=== Begin Enclosure ===

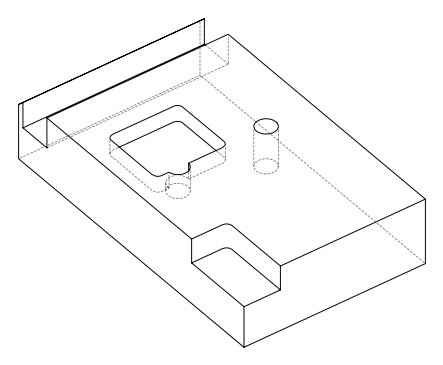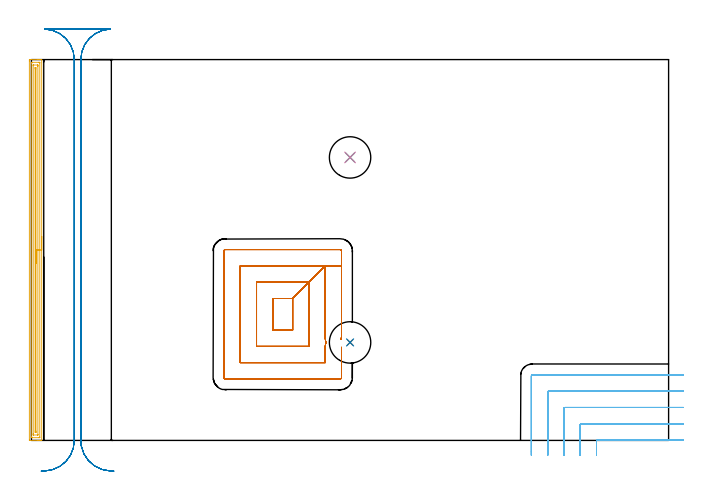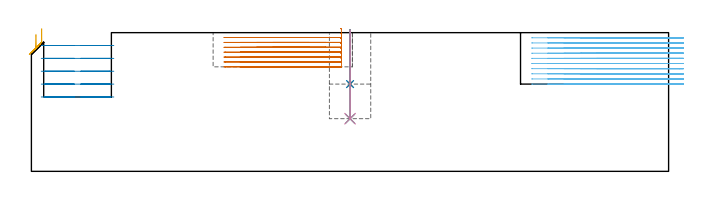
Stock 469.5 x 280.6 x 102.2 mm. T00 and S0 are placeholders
(PLAN: 8 operations, 6 tool changes, 46.2 min)
(1 INDEXABLE_INSERT_DRILL_BLIND_HOLE_FROM_SOLID | STEP1POCKET | NXT0302_010 | 0.16 min | 11231 mm3)
(2 DRILL_TO_ENLARGE_BLIND_HOLE | STEP1POCKET | UGT0301_381 | 0.16 min | 16431 mm3)
(3 INDEXABLE_INSERT_DRILL_BLIND_HOLE_FROM_SOLID_1 | STEP1POCKET_1 | NXT0302_010 | 0.26 min | 18833 mm3)
(4 DRILL_TO_ENLARGE_BLIND_HOLE_1 | STEP1POCKET_1 | UGT0301_381 | 0.26 min | 27443 mm3)
(5 AREA_MILL | FG_CHAMFER_SURFACE | UGT0205_001 | 9.16 min | 36365 mm3)
(6 MILL_CORNER_NOTCH_RECTANGULAR | CORNER_NOTCH_RECTANGULAR | NXT0201_012 | Follow Part, ap 4, ae 75% | 13.68 min | 232180 mm3)
(7 MILL_RECTANGULAR_POCKET | POCKET_RECTANGULAR_STRAIGHT | NXT0201_012 | Follow Part, ap 4, ae 75% | 14.2 min | 275574 mm3)
(8 MILL_RECTANGULAR_SLOT | SLOT_RECTANGULAR | UGT0201_009 | Follow Part, ap 11.25, ae 75% | 8.31 min | 655659 mm3)
(TOOL NXT0302_010 | Index. Insert Drill 19.5mm [880-D1950L25-05] | D19.5 PA176 FL98 Z2)
(TOOL UGT0301_381 | Twist Drill Flat Bottom 30.5 mm | D30.5 PA180 FL175 Z2)
(TOOL UGT0205_001 | Chamfer Mill 20 x 3 x 45 deg. | D20 FL50 Z2)
(TOOL NXT0201_012 | ENDMILL 16mm [2P460-1600-NA 1630] | D16 FL38 Z6)
(TOOL UGT0201_009 | End Mill 45 mm | D45 FL63 Z6)
(OP 1 INDEXABLE_INSERT_DRILL_BLIND_HOLE_FROM_SOLID)
G17 G21 G94 G90
T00 M6
G54
G17 G0 G90 X234.8 Y72.2 S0 M3
G43 Z112.2 H1
G94 G81 G98 Z64.3 F250. R104.2
G80
M5
M2
(OP 2 DRILL_TO_ENLARGE_BLIND_HOLE)
G17 G21 G94 G90
T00 M6
G54
G17 G0 G90 X234.8 Y72.2 S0 M3
G43 Z112.2 H0
G94 G81 G98 Z64.3 F250. R104.2
G80
M5
M2
(OP 3 INDEXABLE_INSERT_DRILL_BLIND_HOLE_FROM_SOLID_1)
G17 G21 G94 G90
T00 M6
G54
G17 G0 G90 X234.8 Y208.5 S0 M3
G43 Z112.2 H1
G94 G81 G98 Z38.8 F250. R104.2
G80
M5
M2
(OP 4 DRILL_TO_ENLARGE_BLIND_HOLE_1)
G17 G21 G94 G90
T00 M6
G54
G17 G0 G90 X234.8 Y208.5 S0 M3
G43 Z112.2 H0
G94 G81 G98 Z38.8 F250. R104.2
G80
M5
M2
(OP 5 AREA_MILL)
G17 G21 G94 G90
T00 M6
G54
G17 G0 G90 X7.6 Y150.3 S1061 M3
G43 Z112.2 H0
Z105.2
G94 G1 Y150.262 Z104.328 F250.
Y150.148 Z103.463
Y149.959 Z102.612
Y149.697 Z101.78
Y149.363 Z100.974
Y148.96 Z100.2
Y148.492 Z99.464
Y147.96 Z98.772
Y147.371 Z98.129
Y146.728 Z97.539
Y146.036 Z97.008
Y145.3 Z96.54
Y144.526 Z96.137
Y143.72 Z95.803
Y142.888 Z95.541
Y142.037 Z95.352
Y141.172 Z95.238
Y140.3 Z95.2
Y0.161
X7.597 Y0.01 Z95.188
X7.563 Y0.007 Z95.154
X7.202 Y0. Z94.801
X6.802 Z94.402
X6.16 Z93.755
X4.95 Z92.547
X4.383 Z91.977
X-1.233 Y0.001 Z86.364
X-1.492 Y0.01 Z86.106
X-1.499 Y0.268 Z86.099
Y0.291
X-1.5 Y279.654 Z86.1
X-1.499 Y279.992 Z86.101
X-1.494 Y280.54 Z86.104
X-1.491 Y280.592 Z86.106
X-0.949 Y280.596 Z86.649
X-0.344 Y280.6 Z87.253
X4.383 Z91.977
X4.95 Z92.547
X5.271 Z92.868
X5.839 Z93.435
X6.16 Z93.755
X6.802 Z94.402
X7.202 Z94.801
X7.563 Y280.593 Z95.154
X7.597 Y280.59 Z95.188
X7.6 Y280.439 Z95.2
Y140.3
X6.186 Z93.786
X6.185 Y2.393 Z93.785
Y2.368
X6.16 Y2.01 Z93.76
X5.661 Y2.001 Z93.261
X0.829 Y2. Z88.429
X0.33 Y2.001 Z87.93
X-0.06 Y2.01 Z87.54
X-0.084 Y2.393 Z87.516
X-0.085 Y2.418 Z87.515
Y278.207
Y278.232
X-0.06 Y278.59 Z87.54
X0.439 Y278.599 Z88.039
X5.271 Y278.6 Z92.871
X5.77 Y278.599 Z93.37
X6.16 Y278.59 Z93.76
X6.184 Y278.207 Z93.784
X6.185 Y278.182 Z93.785
X6.186 Y140.3 Z93.786
X4.772 Z92.372
X4.771 Y4.178 Z92.371
Y4.08
X4.768 Y4.033 Z92.368
X4.765 Y4.016 Z92.365
X4.736 Y4.01 Z92.336
X4.559 Y4.001 Z92.159
X1.54 Z89.14
X1.422 Y4.005 Z89.022
X1.335 Y4.01 Z88.935
X1.332 Y4.048 Z88.932
X1.33 Y4.178 Z88.93
X1.329 Y4.568 Z88.929
X1.328 Y5.071 Z88.928
X1.329 Y276.422 Z88.929
Y276.52
X1.332 Y276.567 Z88.932
X1.335 Y276.584 Z88.935
X1.364 Y276.59 Z88.964
X1.541 Y276.599 Z89.141
X4.56 Z92.16
X4.678 Y276.595 Z92.278
X4.765 Y276.59 Z92.365
X4.767 Y276.552 Z92.367
X4.77 Y276.422 Z92.37
X4.771 Y276.032 Z92.371
X4.772 Y275.529 Z92.372
Y140.3
X3.357 Z90.957
Y6.856
X3.355 Y6.238 Z90.955
X3.353 Y6.105 Z90.953
X3.349 Y6.01 Z90.949
X3.254 Y6.007 Z90.854
X3.05 Y6.005 Z90.65
X2.846 Y6.007 Z90.446
X2.751 Y6.01 Z90.351
X2.743 Y6.856 Z90.343
Y273.744
X2.745 Y274.362 Z90.345
X2.747 Y274.495 Z90.347
X2.751 Y274.59 Z90.351
X2.846 Y274.593 Z90.446
X3.05 Y274.595 Z90.65
X3.254 Y274.593 Z90.854
X3.349 Y274.59 Z90.949
X3.357 Y273.744 Z90.957
Y140.3
Y139.428 Z90.995
Y138.564 Z91.109
Y137.712 Z91.298
Y136.88 Z91.56
Y136.074 Z91.894
Y135.3 Z92.297
Y134.564 Z92.766
Y133.872 Z93.297
Y133.229 Z93.886
Y132.64 Z94.529
Y132.109 Z95.222
Y131.64 Z95.957
Y131.237 Z96.731
Y130.903 Z97.537
Y130.641 Z98.369
Y130.452 Z99.221
Y130.338 Z100.086
Y130.3 Z100.957
G0 Z112.2
M5
M2
(OP 6 MILL_CORNER_NOTCH_RECTANGULAR)
G17 G21 G94 G90
T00 M6
G54
G17 G0 G90 X480.5 Y0.3 S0 M3
G43 Z112.2 H1
Z98.41
G94 G1 X477.5 F250.
X417.195 F500.
G3 X416.4 Y-0.495 R0.8
G1 Y-8.
Y-11. F250.
G0 Z112.2
X480.5 Y12.3
Z98.41
G1 X477.5
X405.195 F500.
G3 X404.4 Y11.505 R0.8
G1 Y-8.
Y-11. F250.
G0 Z112.2
X480.5 Y24.3
Z98.41
G1 X477.5
X393.195 F500.
G3 X392.4 Y23.505 R0.8
G1 Y-8.
Y-11. F250.
G0 Z112.2
X480.5 Y36.3
Z98.41
G1 X477.5
X381.195 F500.
G3 X380.4 Y35.505 R0.8
G1 Y-8.
Y-11. F250.
G0 Z112.2
X480.5 Y48.3
Z98.41
G1 X477.5
X369.2 F500.
G3 X368.4 Y47.5 R0.8
G1 Y-8.
Y-11. F250.
G0 Z112.2
X480.5 Y0.3
Z94.62
G1 X477.5
X417.195 F500.
G3 X416.4 Y-0.495 R0.8
G1 Y-8.
Y-11. F250.
G0 Z112.2
X480.5 Y12.3
Z94.62
G1 X477.5
X405.195 F500.
G3 X404.4 Y11.505 R0.8
G1 Y-8.
Y-11. F250.
G0 Z112.2
X480.5 Y24.3
Z94.62
G1 X477.5
X393.195 F500.
G3 X392.4 Y23.505 R0.8
G1 Y-8.
Y-11. F250.
G0 Z112.2
X480.5 Y36.3
Z94.62
G1 X477.5
X381.195 F500.
G3 X380.4 Y35.505 R0.8
G1 Y-8.
Y-11. F250.
G0 Z112.2
X480.5 Y48.3
Z94.62
G1 X477.5
X369.2 F500.
G3 X368.4 Y47.5 R0.8
G1 Y-8.
Y-11. F250.
G0 Z112.2
X480.5 Y0.3
Z90.83
G1 X477.5
X417.195 F500.
G3 X416.4 Y-0.495 R0.8
G1 Y-8.
Y-11. F250.
G0 Z112.2
X480.5 Y12.3
Z90.83
G1 X477.5
X405.195 F500.
G3 X404.4 Y11.505 R0.8
G1 Y-8.
Y-11. F250.
G0 Z112.2
X480.5 Y24.3
Z90.83
G1 X477.5
X393.195 F500.
G3 X392.4 Y23.505 R0.8
G1 Y-8.
Y-11. F250.
G0 Z112.2
X480.5 Y36.3
Z90.83
G1 X477.5
X381.195 F500.
G3 X380.4 Y35.505 R0.8
G1 Y-8.
Y-11. F250.
G0 Z112.2
X480.5 Y48.3
Z90.83
G1 X477.5
X369.2 F500.
G3 X368.4 Y47.5 R0.8
G1 Y-8.
Y-11. F250.
G0 Z112.2
X480.5 Y0.3
Z87.04
G1 X477.5
X417.195 F500.
G3 X416.4 Y-0.495 R0.8
G1 Y-8.
Y-11. F250.
G0 Z112.2
X480.5 Y12.3
Z87.04
G1 X477.5
X405.195 F500.
G3 X404.4 Y11.505 R0.8
G1 Y-8.
Y-11. F250.
G0 Z112.2
X480.5 Y24.3
Z87.04
G1 X477.5
X393.195 F500.
G3 X392.4 Y23.505 R0.8
G1 Y-8.
Y-11. F250.
G0 Z112.2
X480.5 Y36.3
Z87.04
G1 X477.5
X381.195 F500.
G3 X380.4 Y35.505 R0.8
G1 Y-8.
Y-11. F250.
G0 Z112.2
X480.5 Y48.3
Z87.04
G1 X477.5
X369.2 F500.
G3 X368.4 Y47.5 R0.8
G1 Y-8.
Y-11. F250.
G0 Z112.2
X480.5 Y0.3
Z83.25
G1 X477.5
X417.195 F500.
G3 X416.4 Y-0.495 R0.8
G1 Y-8.
Y-11. F250.
G0 Z112.2
X480.5 Y12.3
Z83.25
G1 X477.5
X405.195 F500.
G3 X404.4 Y11.505 R0.8
G1 Y-8.
Y-11. F250.
G0 Z112.2
X480.5 Y24.3
Z83.25
G1 X477.5
X393.195 F500.
G3 X392.4 Y23.505 R0.8
G1 Y-8.
Y-11. F250.
G0 Z112.2
X480.5 Y36.3
Z83.25
G1 X477.5
X381.195 F500.
G3 X380.4 Y35.505 R0.8
G1 Y-8.
Y-11. F250.
G0 Z112.2
X480.5 Y48.3
Z83.25
G1 X477.5
X369.2 F500.
G3 X368.4 Y47.5 R0.8
G1 Y-8.
Y-11. F250.
G0 Z112.2
X480.5 Y0.3
Z79.46
G1 X477.5
X417.195 F500.
G3 X416.4 Y-0.495 R0.8
G1 Y-8.
Y-11. F250.
G0 Z112.2
X480.5 Y12.3
Z79.46
G1 X477.5
X405.195 F500.
G3 X404.4 Y11.505 R0.8
G1 Y-8.
Y-11. F250.
G0 Z112.2
X480.5 Y24.3
Z79.46
G1 X477.5
X393.195 F500.
G3 X392.4 Y23.505 R0.8
G1 Y-8.
Y-11. F250.
G0 Z112.2
X480.5 Y36.3
Z79.46
G1 X477.5
X381.195 F500.
G3 X380.4 Y35.505 R0.8
G1 Y-8.
Y-11. F250.
G0 Z112.2
X480.5 Y48.3
Z79.46
G1 X477.5
X369.2 F500.
G3 X368.4 Y47.5 R0.8
G1 Y-8.
Y-11. F250.
G0 Z112.2
X480.5 Y0.3
Z75.67
G1 X477.5
X417.195 F500.
G3 X416.4 Y-0.495 R0.8
G1 Y-8.
Y-11. F250.
G0 Z112.2
X480.5 Y12.3
Z75.67
G1 X477.5
X405.195 F500.
G3 X404.4 Y11.505 R0.8
G1 Y-8.
Y-11. F250.
G0 Z112.2
X480.5 Y24.3
Z75.67
G1 X477.5
X393.195 F500.
G3 X392.4 Y23.505 R0.8
G1 Y-8.
Y-11. F250.
G0 Z112.2
X480.5 Y36.3
Z75.67
G1 X477.5
X381.195 F500.
G3 X380.4 Y35.505 R0.8
G1 Y-8.
Y-11. F250.
G0 Z112.2
X480.5 Y48.3
Z75.67
G1 X477.5
X369.2 F500.
G3 X368.4 Y47.5 R0.8
G1 Y-8.
Y-11. F250.
G0 Z112.2
X480.5 Y0.3
Z71.88
G1 X477.5
X417.195 F500.
G3 X416.4 Y-0.495 R0.8
G1 Y-8.
Y-11. F250.
G0 Z112.2
X480.5 Y12.3
Z71.88
G1 X477.5
X405.195 F500.
G3 X404.4 Y11.505 R0.8
G1 Y-8.
Y-11. F250.
G0 Z112.2
X480.5 Y24.3
Z71.88
G1 X477.5
X393.195 F500.
G3 X392.4 Y23.505 R0.8
G1 Y-8.
Y-11. F250.
G0 Z112.2
X480.5 Y36.3
Z71.88
G1 X477.5
X381.195 F500.
G3 X380.4 Y35.505 R0.8
G1 Y-8.
Y-11. F250.
G0 Z112.2
X480.5 Y48.3
Z71.88
G1 X477.5
X369.2 F500.
G3 X368.4 Y47.5 R0.8
G1 Y-8.
Y-11. F250.
G0 Z112.2
X480.5 Y0.3
Z68.09
G1 X477.5
X417.195 F500.
G3 X416.4 Y-0.495 R0.8
G1 Y-8.
Y-11. F250.
G0 Z112.2
X480.5 Y12.3
Z68.09
G1 X477.5
X405.195 F500.
G3 X404.4 Y11.505 R0.8
G1 Y-8.
Y-11. F250.
G0 Z112.2
X480.5 Y24.3
Z68.09
G1 X477.5
X393.195 F500.
G3 X392.4 Y23.505 R0.8
G1 Y-8.
Y-11. F250.
G0 Z112.2
X480.5 Y36.3
Z68.09
G1 X477.5
X381.195 F500.
G3 X380.4 Y35.505 R0.8
G1 Y-8.
Y-11. F250.
G0 Z112.2
X480.5 Y48.3
Z68.09
G1 X477.5
X369.2 F500.
G3 X368.4 Y47.5 R0.8
G1 Y-8.
Y-11. F250.
G0 Z112.2
X480.5 Y0.3
Z64.3
G1 X477.5
X417.195 F500.
G3 X416.4 Y-0.495 R0.8
G1 Y-8.
Y-11. F250.
G0 Z112.2
X480.5 Y12.3
Z64.3
G1 X477.5
X405.195 F500.
G3 X404.4 Y11.505 R0.8
G1 Y-8.
Y-11. F250.
G0 Z112.2
X480.5 Y24.3
Z64.3
G1 X477.5
X393.195 F500.
G3 X392.4 Y23.505 R0.8
G1 Y-8.
Y-11. F250.
G0 Z112.2
X480.5 Y36.3
Z64.3
G1 X477.5
X381.195 F500.
G3 X380.4 Y35.505 R0.8
G1 Y-8.
Y-11. F250.
G0 Z112.2
X480.5 Y48.3
Z64.3
G1 X477.5
X369.2 F500.
G3 X368.4 Y47.5 R0.8
G1 Y-8.
Y-11. F250.
G0 Z112.2
M5
M2
(OP 7 MILL_RECTANGULAR_POCKET)
G17 G21 G94 G90
T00 M6
G54
G17 G0 G90 X227.901 Y74.417 S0 M3
G43 Z112.2 H1
Z105.2
G94 G1 X227.941 Y74.563 Z105.16 F250.
X228.312 Y75.449 Z104.902
X228.5 Y75.78 Z104.8
Y87.35 Z101.7
Y75.78 Z98.6
Y128.6 F500.
X216.5
X204.5 Y116.6
X192.5 Y104.6
X177.9
Y81.3
X192.5
Y104.6
X204.5 Y116.6
X165.9
Y69.3
X204.51
G2 X204.768 Y72.202 R24.
X204.5 Y75.78 R24.
G1 Y116.6
X216.5 Y128.6
X153.9
Y57.3
X216.5
Y68.624
G2 X217.046 Y72.202 R12.
X216.5 Y75.78 R12.
G1 Y128.6
X228.5
Y139.6
G3 X227.5 Y140.6 R1.
G1 X142.9
G3 X141.9 Y139.6 R1.
G1 Y46.3
G3 X142.9 Y45.3 R1.
G1 X227.5
G3 X228.5 Y46.3 R1.
G1 Y68.624
G0 X227.901 Y74.417 Z101.6
G1 X227.941 Y74.563 Z101.56 F250.
X228.312 Y75.449 Z101.302
X228.5 Y75.78 Z101.2
Y87.35 Z98.1
Y75.78 Z95.
Y128.6 F500.
X216.5
X192.5 Y104.6
X177.9
Y81.3
X192.5
Y104.6
X204.5 Y116.6
X165.9
Y69.3
X204.51
G2 X204.768 Y72.202 R24.
X204.5 Y75.78 R24.
G1 Y116.6
X216.5 Y128.6
X153.9
Y57.3
X216.5
Y68.624
G2 X217.046 Y72.202 R12.
X216.5 Y75.78 R12.
G1 Y128.6
X228.5
Y139.6
G3 X227.5 Y140.6 R1.
G1 X142.9
G3 X141.9 Y139.6 R1.
G1 Y46.3
G3 X142.9 Y45.3 R1.
G1 X227.5
G3 X228.5 Y46.3 R1.
G1 Y68.624
G0 X227.901 Y74.417 Z98.
G1 X227.941 Y74.563 Z97.96 F250.
X228.312 Y75.449 Z97.702
X228.5 Y75.78 Z97.6
Y87.35 Z94.5
Y75.78 Z91.4
Y128.6 F500.
X216.5
X192.5 Y104.6
X177.9
Y81.3
X192.5
Y104.6
X204.5 Y116.6
X165.9
Y69.3
X204.51
G2 X204.768 Y72.203 R24.
X204.5 Y75.78 R24.
G1 Y116.6
X216.5 Y128.6
X153.9
Y57.3
X216.5
Y68.625
G2 X217.046 Y72.203 R12.
X216.5 Y75.78 R12.
G1 Y128.6
X228.5
Y139.6
G3 X227.5 Y140.6 R1.
G1 X142.9
G3 X141.9 Y139.6 R1.
G1 Y46.3
G3 X142.9 Y45.3 R1.
G1 X227.5
G3 X228.5 Y46.3 R1.
G1 Y68.625
G0 X227.901 Y74.417 Z94.4
G1 X227.941 Y74.563 Z94.36 F250.
X228.312 Y75.449 Z94.102
X228.5 Y75.78 Z94.
Y87.35 Z90.9
Y75.78 Z87.8
Y128.6 F500.
X216.5
X204.5 Y116.6
X192.5 Y104.6
X177.9
Y81.3
X192.5
Y104.6
X204.5 Y116.6
X165.9
Y69.3
X204.509
G2 X204.768 Y72.203 R24.
X204.5 Y75.78 R24.
G1 Y116.6
X216.5 Y128.6
X153.9
Y57.3
X216.5
Y68.625
G2 X217.046 Y72.203 R12.
X216.5 Y75.78 R12.
G1 Y128.6
X228.5
Y139.6
G3 X227.5 Y140.6 R1.
G1 X142.9
G3 X141.9 Y139.6 R1.
G1 Y46.3
G3 X142.9 Y45.3 R1.
G1 X227.5
G3 X228.5 Y46.3 R1.
G1 Y68.625
G0 X227.901 Y74.417 Z90.8
G1 X227.941 Y74.563 Z90.76 F250.
X228.312 Y75.449 Z90.502
X228.5 Y75.78 Z90.4
Y87.35 Z87.3
Y75.78 Z84.2
Y128.6 F500.
X216.5
X192.5 Y104.6
X177.9
Y81.3
X192.5
Y104.6
X204.5 Y116.6
X165.9
Y69.3
X204.51
G2 X204.768 Y72.202 R24.
X204.5 Y75.78 R24.
G1 Y116.6
X216.5 Y128.6
X153.9
Y57.3
X216.5
Y68.624
G2 X217.046 Y72.202 R12.
X216.5 Y75.78 R12.
G1 Y128.6
X228.5
Y139.6
G3 X227.5 Y140.6 R1.
G1 X142.9
G3 X141.9 Y139.6 R1.
G1 Y46.3
G3 X142.9 Y45.3 R1.
G1 X227.5
G3 X228.5 Y46.3 R1.
G1 Y68.624
G0 X227.901 Y74.417 Z87.2
G1 X227.941 Y74.563 Z87.16 F250.
X228.312 Y75.449 Z86.902
X228.5 Y75.78 Z86.8
Y87.35 Z83.7
Y75.78 Z80.6
Y128.6 F500.
X216.5
X192.5 Y104.6
X177.9
Y81.3
X192.5
Y104.6
X204.5 Y116.6
X165.9
Y69.3
X204.51
G2 X204.768 Y72.202 R24.
X204.5 Y75.78 R24.
G1 Y116.6
X216.5 Y128.6
X153.9
Y57.3
X216.5
Y68.624
G2 X217.046 Y72.202 R12.
X216.5 Y75.78 R12.
G1 Y128.6
X228.5
Y139.6
G3 X227.5 Y140.6 R1.
G1 X142.9
G3 X141.9 Y139.6 R1.
G1 Y46.3
G3 X142.9 Y45.3 R1.
G1 X227.5
G3 X228.5 Y46.3 R1.
G1 Y68.624
G0 X227.901 Y74.417 Z83.6
G1 X227.941 Y74.563 Z83.56 F250.
X228.312 Y75.449 Z83.302
X228.5 Y75.78 Z83.2
Y87.35 Z80.1
Y75.78 Z77.
Y128.6 F500.
X216.5
X192.5 Y104.6
X177.9
Y81.3
X192.5
Y104.6
X204.5 Y116.6
X165.9
Y69.3
X204.509
G2 X204.768 Y72.203 R24.
X204.5 Y75.78 R24.
G1 Y116.6
X216.5 Y128.6
X153.9
Y57.3
X216.5
Y68.625
G2 X217.046 Y72.203 R12.
X216.5 Y75.78 R12.
G1 Y128.6
X228.5
Y139.6
G3 X227.5 Y140.6 R1.
G1 X142.9
G3 X141.9 Y139.6 R1.
G1 Y46.3
G3 X142.9 Y45.3 R1.
G1 X227.5
G3 X228.5 Y46.3 R1.
G1 Y68.625
G0 Z112.2
M5
M2
(OP 8 MILL_RECTANGULAR_SLOT)
G17 G21 G94 G90
T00 M6
G54
G17 G0 G90 X60.734 Y-22.625 S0 M3
G43 Z112.2 H0
Z92.72
G94 G1 X57.738 Y-22.47 F250.
G2 X36.787 Y-4.157 R22.5 F500.
X36.4 Y0. R22.5 F397.
G1 Y255.819
Y280.6 F500.
G2 X58.229 Y303.09 R22.5
G1 X9.771
G2 X31.6 Y280.6 R22.5
G1 Y0.
G2 X10.262 Y-22.47 R22.5
G1 X7.266 Y-22.625 F250.
G0 X60.734 Z83.24
G1 X57.738 Y-22.47
G2 X36.787 Y-4.157 R22.5 F500.
X36.4 Y0. R22.5 F395.
G1 Y255.819
Y280.6 F500.
G2 X58.229 Y303.09 R22.5
G1 X9.771
G2 X31.6 Y280.6 R22.5
G1 Y0.
G2 X10.262 Y-22.47 R22.5
G1 X7.266 Y-22.625 F250.
G0 X60.734 Z73.76
G1 X57.738 Y-22.47
G2 X36.787 Y-4.157 R22.5 F500.
X36.4 Y0. R22.5 F395.
G1 Y255.819
Y280.6 F500.
G2 X58.229 Y303.09 R22.5
G1 X9.771
G2 X31.6 Y280.6 R22.5
G1 Y0.
G2 X10.262 Y-22.47 R22.5
G1 X7.266 Y-22.625 F250.
G0 X60.735 Z64.28
G1 X57.739 Y-22.47
G2 X36.787 Y-4.157 R22.5 F500.
X36.4 Y0. R22.5 F395.
G1 Y255.819
Y280.6 F500.
G2 X58.229 Y303.09 R22.5
G1 X9.771
G2 X31.6 Y280.6 R22.5
G1 Y0.
G2 X10.261 Y-22.47 R22.5
G1 X7.265 Y-22.625 F250.
G0 X60.735 Z54.8
G1 X57.739 Y-22.47
G2 X36.787 Y-4.157 R22.5 F500.
X36.4 Y0. R22.5 F395.
G1 Y255.819
Y280.6 F500.
G2 X58.229 Y303.09 R22.5
G1 X9.771
G2 X31.6 Y280.6 R22.5
G1 Y0.
G2 X10.261 Y-22.47 R22.5
G1 X7.265 Y-22.625 F250.
G0 Z112.2
M5
M2

=== End Enclosure ===

> **WHAT THE TASK REQUIRES**:
With "Part" as the string to find, copy every line of the records that holds it.

> **EXPECTED ANSWER**:
(6 MILL_CORNER_NOTCH_RECTANGULAR | CORNER_NOTCH_RECTANGULAR | NXT0201_012 | Follow Part, ap 4, ae 75% | 13.68 min | 232180 mm3)
(7 MILL_RECTANGULAR_POCKET | POCKET_RECTANGULAR_STRAIGHT | NXT0201_012 | Follow Part, ap 4, ae 75% | 14.2 min | 275574 mm3)
(8 MILL_RECTANGULAR_SLOT | SLOT_RECTANGULAR | UGT0201_009 | Follow Part, ap 11.25, ae 75% | 8.31 min | 655659 mm3)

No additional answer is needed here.